Task to complete
Nothing outside the range is wanted. Repeat exactly the lines below from the one with "doc.layers.add('00_BUW_DATUM', color=7, linetype='CONTINUOUS')" through the one with "blk.add_point(p, dxfattribs=at)".

#### Data to use

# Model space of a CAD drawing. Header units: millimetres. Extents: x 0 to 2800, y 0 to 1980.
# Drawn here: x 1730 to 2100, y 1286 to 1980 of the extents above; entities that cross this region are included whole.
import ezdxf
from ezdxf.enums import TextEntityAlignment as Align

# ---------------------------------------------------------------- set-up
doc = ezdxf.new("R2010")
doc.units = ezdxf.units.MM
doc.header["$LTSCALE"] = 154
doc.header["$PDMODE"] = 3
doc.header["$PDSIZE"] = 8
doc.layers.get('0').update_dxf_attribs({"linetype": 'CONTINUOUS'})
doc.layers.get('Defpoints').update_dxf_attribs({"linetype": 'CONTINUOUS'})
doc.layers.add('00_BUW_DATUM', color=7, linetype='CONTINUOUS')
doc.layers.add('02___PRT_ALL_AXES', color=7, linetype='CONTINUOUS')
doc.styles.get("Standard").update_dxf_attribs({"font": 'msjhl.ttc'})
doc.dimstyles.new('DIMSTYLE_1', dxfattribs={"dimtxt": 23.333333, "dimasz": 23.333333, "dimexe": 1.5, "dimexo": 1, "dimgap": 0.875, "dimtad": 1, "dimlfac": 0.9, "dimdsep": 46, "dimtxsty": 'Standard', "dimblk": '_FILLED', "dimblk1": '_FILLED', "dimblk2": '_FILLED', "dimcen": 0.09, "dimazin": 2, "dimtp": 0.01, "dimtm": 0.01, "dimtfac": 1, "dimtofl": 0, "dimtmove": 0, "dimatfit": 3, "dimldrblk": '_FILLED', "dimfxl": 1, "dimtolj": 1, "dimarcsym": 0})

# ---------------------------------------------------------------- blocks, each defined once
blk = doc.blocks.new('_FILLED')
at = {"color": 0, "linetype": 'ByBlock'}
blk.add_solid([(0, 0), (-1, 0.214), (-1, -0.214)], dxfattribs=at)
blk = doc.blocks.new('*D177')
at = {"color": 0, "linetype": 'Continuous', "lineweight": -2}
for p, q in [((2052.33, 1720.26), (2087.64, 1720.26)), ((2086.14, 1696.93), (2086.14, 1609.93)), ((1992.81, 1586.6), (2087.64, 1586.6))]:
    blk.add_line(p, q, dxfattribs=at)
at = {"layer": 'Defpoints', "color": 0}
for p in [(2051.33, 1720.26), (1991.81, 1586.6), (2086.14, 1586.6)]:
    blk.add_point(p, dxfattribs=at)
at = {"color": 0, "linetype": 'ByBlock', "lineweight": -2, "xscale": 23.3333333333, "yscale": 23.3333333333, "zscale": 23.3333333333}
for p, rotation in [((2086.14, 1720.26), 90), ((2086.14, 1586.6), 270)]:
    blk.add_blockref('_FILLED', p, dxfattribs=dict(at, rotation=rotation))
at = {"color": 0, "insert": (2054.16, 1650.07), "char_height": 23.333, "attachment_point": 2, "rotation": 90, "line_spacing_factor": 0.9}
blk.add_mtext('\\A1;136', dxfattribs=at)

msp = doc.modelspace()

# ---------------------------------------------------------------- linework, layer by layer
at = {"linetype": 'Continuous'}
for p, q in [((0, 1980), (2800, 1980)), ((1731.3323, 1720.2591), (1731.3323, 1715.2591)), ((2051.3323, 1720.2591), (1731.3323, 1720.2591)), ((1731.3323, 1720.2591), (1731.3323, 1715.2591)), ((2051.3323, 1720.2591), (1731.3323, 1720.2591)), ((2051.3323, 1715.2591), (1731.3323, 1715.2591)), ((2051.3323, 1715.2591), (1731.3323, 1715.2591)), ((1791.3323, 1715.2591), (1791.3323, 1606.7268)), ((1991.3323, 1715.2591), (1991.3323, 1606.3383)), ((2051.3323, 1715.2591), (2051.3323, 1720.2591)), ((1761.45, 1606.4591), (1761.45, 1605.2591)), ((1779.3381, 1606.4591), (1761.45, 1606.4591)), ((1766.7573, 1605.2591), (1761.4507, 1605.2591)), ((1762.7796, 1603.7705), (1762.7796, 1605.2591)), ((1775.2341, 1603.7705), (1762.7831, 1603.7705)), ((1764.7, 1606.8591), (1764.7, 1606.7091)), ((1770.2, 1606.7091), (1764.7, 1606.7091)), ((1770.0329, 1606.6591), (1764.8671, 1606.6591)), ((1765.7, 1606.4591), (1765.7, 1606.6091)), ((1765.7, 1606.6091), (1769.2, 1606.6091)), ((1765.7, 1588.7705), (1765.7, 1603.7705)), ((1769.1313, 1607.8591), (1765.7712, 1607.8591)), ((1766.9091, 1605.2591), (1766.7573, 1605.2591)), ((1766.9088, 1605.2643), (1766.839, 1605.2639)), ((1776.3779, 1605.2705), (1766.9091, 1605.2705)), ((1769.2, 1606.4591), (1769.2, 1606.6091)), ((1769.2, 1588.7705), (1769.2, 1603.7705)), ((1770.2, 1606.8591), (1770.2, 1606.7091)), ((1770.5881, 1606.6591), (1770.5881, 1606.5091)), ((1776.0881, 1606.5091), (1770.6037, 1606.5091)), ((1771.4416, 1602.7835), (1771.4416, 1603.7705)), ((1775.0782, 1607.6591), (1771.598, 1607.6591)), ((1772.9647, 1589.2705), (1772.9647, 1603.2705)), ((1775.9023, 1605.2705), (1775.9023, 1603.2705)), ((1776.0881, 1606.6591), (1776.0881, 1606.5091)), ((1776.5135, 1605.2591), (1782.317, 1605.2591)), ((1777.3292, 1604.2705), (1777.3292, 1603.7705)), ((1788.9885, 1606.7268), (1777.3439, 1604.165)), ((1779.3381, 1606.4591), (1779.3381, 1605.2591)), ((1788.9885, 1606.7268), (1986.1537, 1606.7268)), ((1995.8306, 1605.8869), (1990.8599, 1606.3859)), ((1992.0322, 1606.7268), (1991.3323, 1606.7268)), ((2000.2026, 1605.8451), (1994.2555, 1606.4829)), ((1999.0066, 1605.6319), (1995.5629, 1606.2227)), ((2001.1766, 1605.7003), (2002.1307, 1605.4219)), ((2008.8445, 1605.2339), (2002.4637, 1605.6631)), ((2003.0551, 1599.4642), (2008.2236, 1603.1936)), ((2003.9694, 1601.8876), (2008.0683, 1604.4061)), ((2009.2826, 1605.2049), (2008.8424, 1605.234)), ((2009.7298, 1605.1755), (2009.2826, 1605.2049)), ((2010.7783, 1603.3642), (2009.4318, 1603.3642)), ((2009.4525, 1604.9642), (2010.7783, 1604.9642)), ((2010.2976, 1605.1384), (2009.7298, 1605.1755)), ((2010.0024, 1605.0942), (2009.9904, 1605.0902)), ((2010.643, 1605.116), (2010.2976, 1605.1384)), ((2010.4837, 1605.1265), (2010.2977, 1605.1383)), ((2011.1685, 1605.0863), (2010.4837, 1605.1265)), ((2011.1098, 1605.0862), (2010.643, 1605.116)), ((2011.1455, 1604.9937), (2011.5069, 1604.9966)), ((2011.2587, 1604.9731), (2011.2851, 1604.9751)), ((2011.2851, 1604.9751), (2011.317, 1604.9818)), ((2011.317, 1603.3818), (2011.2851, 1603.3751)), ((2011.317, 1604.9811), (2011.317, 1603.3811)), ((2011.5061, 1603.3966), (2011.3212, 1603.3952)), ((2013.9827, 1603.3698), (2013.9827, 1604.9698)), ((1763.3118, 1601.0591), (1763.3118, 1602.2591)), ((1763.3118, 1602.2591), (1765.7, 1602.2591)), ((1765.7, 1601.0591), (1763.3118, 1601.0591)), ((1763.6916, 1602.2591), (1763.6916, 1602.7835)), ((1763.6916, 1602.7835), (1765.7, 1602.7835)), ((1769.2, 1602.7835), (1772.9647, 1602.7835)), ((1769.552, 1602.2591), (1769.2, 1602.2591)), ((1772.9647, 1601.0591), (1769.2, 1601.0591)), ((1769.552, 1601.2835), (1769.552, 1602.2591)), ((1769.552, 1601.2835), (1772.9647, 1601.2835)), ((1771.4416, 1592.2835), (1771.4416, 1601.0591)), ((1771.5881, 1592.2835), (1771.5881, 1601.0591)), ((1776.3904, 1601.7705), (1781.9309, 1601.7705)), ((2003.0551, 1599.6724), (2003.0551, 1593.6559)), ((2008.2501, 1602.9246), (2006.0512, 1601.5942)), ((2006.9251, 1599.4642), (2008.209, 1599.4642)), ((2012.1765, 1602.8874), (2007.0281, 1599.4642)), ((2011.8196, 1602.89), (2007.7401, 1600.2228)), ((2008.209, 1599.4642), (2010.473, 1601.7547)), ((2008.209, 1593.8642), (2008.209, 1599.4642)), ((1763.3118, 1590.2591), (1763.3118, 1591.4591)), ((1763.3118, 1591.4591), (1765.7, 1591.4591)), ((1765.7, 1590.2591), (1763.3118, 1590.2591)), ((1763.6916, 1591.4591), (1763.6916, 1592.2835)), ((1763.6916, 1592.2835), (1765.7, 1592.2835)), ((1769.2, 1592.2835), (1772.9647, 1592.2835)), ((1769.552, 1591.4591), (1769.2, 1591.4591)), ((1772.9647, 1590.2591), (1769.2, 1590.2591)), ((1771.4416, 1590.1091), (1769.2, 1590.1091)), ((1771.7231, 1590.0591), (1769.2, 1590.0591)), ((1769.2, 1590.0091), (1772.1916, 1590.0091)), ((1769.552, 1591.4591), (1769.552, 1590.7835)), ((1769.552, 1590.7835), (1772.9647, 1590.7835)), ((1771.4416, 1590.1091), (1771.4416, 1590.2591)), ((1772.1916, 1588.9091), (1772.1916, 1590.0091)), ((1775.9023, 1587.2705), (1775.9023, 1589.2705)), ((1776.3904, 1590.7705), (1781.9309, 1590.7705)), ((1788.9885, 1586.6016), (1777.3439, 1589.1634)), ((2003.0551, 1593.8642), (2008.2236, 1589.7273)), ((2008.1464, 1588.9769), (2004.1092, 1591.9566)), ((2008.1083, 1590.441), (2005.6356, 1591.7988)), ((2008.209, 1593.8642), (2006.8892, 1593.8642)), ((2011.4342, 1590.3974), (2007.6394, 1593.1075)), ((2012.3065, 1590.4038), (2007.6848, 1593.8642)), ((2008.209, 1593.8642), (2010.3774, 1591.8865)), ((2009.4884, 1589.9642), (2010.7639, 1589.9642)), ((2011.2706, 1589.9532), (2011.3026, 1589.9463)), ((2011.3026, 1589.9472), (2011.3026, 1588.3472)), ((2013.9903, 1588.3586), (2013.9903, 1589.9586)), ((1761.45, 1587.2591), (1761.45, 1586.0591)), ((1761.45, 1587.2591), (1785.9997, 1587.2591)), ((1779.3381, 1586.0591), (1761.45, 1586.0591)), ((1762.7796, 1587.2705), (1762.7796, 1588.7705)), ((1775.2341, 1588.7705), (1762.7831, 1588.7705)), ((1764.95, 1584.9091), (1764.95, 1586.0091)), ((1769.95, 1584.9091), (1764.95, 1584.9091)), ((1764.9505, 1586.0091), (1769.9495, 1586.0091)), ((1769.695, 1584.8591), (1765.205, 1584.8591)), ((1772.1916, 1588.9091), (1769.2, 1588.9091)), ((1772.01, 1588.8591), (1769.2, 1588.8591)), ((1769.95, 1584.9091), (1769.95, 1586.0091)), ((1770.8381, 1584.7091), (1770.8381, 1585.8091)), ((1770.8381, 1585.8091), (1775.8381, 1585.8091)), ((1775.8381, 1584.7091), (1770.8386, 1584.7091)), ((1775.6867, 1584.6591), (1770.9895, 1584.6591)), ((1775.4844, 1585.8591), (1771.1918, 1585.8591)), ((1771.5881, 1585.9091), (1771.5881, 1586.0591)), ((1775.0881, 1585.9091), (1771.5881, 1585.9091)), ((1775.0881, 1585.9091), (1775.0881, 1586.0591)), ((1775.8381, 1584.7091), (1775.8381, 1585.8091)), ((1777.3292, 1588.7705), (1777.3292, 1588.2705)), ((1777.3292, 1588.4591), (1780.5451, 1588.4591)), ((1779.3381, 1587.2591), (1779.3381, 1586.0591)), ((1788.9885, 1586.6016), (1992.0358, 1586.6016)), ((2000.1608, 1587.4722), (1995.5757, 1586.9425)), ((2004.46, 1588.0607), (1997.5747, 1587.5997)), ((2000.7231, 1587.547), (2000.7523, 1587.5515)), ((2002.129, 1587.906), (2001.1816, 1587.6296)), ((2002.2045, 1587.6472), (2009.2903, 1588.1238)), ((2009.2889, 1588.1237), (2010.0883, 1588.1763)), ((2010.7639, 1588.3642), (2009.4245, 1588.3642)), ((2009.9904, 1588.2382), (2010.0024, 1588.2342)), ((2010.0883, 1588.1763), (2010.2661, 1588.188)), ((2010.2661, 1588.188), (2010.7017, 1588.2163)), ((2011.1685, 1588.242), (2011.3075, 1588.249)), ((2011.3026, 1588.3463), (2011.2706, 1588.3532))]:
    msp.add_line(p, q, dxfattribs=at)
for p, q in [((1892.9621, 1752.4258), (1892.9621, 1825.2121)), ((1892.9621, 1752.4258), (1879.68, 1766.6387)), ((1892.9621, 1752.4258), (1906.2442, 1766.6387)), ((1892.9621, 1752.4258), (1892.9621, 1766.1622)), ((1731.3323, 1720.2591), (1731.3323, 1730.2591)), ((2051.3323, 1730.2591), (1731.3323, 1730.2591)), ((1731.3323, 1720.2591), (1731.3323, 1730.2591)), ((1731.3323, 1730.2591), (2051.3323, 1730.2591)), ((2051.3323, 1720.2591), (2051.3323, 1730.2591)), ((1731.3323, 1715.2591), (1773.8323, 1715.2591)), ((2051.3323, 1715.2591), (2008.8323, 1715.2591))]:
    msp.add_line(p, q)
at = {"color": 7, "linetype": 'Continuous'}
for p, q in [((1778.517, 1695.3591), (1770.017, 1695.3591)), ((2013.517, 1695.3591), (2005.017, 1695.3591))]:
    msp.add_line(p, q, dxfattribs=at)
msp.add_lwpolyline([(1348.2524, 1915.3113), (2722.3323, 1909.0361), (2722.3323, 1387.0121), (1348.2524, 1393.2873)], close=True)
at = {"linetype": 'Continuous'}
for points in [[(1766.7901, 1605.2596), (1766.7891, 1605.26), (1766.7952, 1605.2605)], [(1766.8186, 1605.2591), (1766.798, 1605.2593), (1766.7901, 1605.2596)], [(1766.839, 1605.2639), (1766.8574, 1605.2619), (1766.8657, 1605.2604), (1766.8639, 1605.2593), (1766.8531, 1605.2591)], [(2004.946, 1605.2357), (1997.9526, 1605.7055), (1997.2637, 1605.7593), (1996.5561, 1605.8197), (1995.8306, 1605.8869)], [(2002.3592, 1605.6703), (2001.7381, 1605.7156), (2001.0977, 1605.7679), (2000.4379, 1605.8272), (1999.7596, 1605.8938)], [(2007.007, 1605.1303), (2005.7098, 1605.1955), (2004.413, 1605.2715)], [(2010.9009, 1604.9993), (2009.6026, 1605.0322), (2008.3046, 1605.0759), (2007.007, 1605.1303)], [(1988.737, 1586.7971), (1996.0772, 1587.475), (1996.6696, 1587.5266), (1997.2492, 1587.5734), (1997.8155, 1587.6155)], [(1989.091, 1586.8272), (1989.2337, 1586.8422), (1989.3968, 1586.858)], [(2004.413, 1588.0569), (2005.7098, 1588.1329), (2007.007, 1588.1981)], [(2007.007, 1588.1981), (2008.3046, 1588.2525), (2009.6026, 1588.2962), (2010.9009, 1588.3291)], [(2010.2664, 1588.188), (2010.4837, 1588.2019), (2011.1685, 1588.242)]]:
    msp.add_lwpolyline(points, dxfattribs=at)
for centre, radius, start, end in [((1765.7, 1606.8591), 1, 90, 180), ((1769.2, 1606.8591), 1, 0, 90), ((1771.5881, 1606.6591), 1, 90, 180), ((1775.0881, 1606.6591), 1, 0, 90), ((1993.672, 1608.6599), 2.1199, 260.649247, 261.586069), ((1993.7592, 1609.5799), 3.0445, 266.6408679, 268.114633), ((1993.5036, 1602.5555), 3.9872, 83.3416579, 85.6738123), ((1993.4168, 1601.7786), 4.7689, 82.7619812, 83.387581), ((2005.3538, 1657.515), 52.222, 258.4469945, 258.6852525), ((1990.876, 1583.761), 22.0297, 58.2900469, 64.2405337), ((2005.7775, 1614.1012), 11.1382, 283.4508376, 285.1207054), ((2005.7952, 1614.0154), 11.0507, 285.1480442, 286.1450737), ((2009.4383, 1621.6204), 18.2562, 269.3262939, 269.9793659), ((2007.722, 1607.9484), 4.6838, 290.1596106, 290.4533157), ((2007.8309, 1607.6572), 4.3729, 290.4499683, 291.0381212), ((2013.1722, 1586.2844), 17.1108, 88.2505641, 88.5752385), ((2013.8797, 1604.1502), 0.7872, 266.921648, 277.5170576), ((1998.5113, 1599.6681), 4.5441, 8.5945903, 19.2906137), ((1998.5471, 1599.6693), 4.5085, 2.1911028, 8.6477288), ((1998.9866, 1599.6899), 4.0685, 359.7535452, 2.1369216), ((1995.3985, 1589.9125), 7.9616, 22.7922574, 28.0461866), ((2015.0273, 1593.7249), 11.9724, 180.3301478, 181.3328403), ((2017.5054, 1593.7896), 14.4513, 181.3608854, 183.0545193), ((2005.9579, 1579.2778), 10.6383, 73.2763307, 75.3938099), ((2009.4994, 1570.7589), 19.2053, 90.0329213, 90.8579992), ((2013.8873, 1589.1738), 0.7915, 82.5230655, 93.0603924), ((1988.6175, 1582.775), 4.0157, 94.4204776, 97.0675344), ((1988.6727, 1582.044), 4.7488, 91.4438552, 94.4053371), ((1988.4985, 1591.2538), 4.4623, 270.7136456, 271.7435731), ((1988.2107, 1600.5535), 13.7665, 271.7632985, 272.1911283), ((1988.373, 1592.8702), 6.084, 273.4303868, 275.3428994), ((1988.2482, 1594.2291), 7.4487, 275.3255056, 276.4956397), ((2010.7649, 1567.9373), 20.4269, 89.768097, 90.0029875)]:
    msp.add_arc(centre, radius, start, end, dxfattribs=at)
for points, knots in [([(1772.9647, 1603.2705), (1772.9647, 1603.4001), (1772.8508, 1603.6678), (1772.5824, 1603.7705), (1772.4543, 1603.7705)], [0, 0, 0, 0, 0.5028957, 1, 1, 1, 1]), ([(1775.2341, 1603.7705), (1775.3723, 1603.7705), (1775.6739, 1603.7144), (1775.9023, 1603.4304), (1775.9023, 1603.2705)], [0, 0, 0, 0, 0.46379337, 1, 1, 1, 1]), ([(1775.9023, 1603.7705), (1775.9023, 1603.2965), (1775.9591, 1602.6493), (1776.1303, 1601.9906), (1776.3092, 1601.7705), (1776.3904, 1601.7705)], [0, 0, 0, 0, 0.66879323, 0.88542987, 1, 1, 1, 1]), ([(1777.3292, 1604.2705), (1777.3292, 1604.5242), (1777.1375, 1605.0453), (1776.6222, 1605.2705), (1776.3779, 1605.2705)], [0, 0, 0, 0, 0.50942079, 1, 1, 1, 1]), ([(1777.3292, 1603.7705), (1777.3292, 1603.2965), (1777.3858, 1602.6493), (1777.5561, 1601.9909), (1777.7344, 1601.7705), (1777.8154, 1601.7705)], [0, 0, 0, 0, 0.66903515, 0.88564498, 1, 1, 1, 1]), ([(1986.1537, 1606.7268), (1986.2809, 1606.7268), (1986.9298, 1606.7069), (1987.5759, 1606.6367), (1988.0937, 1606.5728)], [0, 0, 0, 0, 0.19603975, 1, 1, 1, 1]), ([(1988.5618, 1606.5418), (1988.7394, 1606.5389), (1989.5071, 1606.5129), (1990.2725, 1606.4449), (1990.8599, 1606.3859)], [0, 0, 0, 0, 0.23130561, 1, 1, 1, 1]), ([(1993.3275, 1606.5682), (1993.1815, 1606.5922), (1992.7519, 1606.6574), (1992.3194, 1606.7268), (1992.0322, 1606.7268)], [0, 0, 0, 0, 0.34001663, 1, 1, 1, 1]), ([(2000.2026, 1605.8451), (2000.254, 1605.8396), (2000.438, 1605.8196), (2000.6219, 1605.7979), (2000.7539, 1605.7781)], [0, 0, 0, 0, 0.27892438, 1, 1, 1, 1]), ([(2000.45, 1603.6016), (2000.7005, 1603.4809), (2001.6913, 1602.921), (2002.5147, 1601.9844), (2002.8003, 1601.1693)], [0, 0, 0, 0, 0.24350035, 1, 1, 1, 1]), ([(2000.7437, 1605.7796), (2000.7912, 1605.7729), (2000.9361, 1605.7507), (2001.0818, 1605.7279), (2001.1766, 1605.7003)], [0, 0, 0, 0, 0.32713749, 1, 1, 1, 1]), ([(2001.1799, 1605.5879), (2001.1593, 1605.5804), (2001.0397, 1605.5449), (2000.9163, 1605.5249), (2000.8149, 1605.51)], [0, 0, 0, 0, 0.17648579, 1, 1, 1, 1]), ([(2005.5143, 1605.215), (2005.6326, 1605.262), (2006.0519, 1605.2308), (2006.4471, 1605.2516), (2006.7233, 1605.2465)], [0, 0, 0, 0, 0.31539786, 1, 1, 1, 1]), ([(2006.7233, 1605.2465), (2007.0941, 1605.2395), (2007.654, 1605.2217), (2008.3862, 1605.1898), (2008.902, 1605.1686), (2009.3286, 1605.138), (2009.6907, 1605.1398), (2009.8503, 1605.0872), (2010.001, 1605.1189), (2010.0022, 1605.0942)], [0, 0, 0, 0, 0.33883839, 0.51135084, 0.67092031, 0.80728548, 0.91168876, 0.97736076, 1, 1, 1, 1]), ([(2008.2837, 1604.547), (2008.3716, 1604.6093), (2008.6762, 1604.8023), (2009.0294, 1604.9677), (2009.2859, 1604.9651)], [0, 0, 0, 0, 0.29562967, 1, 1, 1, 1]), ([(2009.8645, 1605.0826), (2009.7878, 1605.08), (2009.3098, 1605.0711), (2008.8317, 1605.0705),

########

Your solution
doc.layers.add('00_BUW_DATUM', color=7, linetype='CONTINUOUS')
doc.layers.add('02___PRT_ALL_AXES', color=7, linetype='CONTINUOUS')
doc.styles.get("Standard").update_dxf_attribs({"font": 'msjhl.ttc'})
doc.dimstyles.new('DIMSTYLE_1', dxfattribs={"dimtxt": 23.333333, "dimasz": 23.333333, "dimexe": 1.5, "dimexo": 1, "dimgap": 0.875, "dimtad": 1, "dimlfac": 0.9, "dimdsep": 46, "dimtxsty": 'Standard', "dimblk": '_FILLED', "dimblk1": '_FILLED', "dimblk2": '_FILLED', "dimcen": 0.09, "dimazin": 2, "dimtp": 0.01, "dimtm": 0.01, "dimtfac": 1, "dimtofl": 0, "dimtmove": 0, "dimatfit": 3, "dimldrblk": '_FILLED', "dimfxl": 1, "dimtolj": 1, "dimarcsym": 0})

# ---------------------------------------------------------------- blocks, each defined once
blk = doc.blocks.new('_FILLED')
at = {"color": 0, "linetype": 'ByBlock'}
blk.add_solid([(0, 0), (-1, 0.214), (-1, -0.214)], dxfattribs=at)
blk = doc.blocks.new('*D177')
at = {"color": 0, "linetype": 'Continuous', "lineweight": -2}
for p, q in [((2052.33, 1720.26), (2087.64, 1720.26)), ((2086.14, 1696.93), (2086.14, 1609.93)), ((1992.81, 1586.6), (2087.64, 1586.6))]:
    blk.add_line(p, q, dxfattribs=at)
at = {"layer": 'Defpoints', "color": 0}
for p in [(2051.33, 1720.26), (1991.81, 1586.6), (2086.14, 1586.6)]:
    blk.add_point(p, dxfattribs=at)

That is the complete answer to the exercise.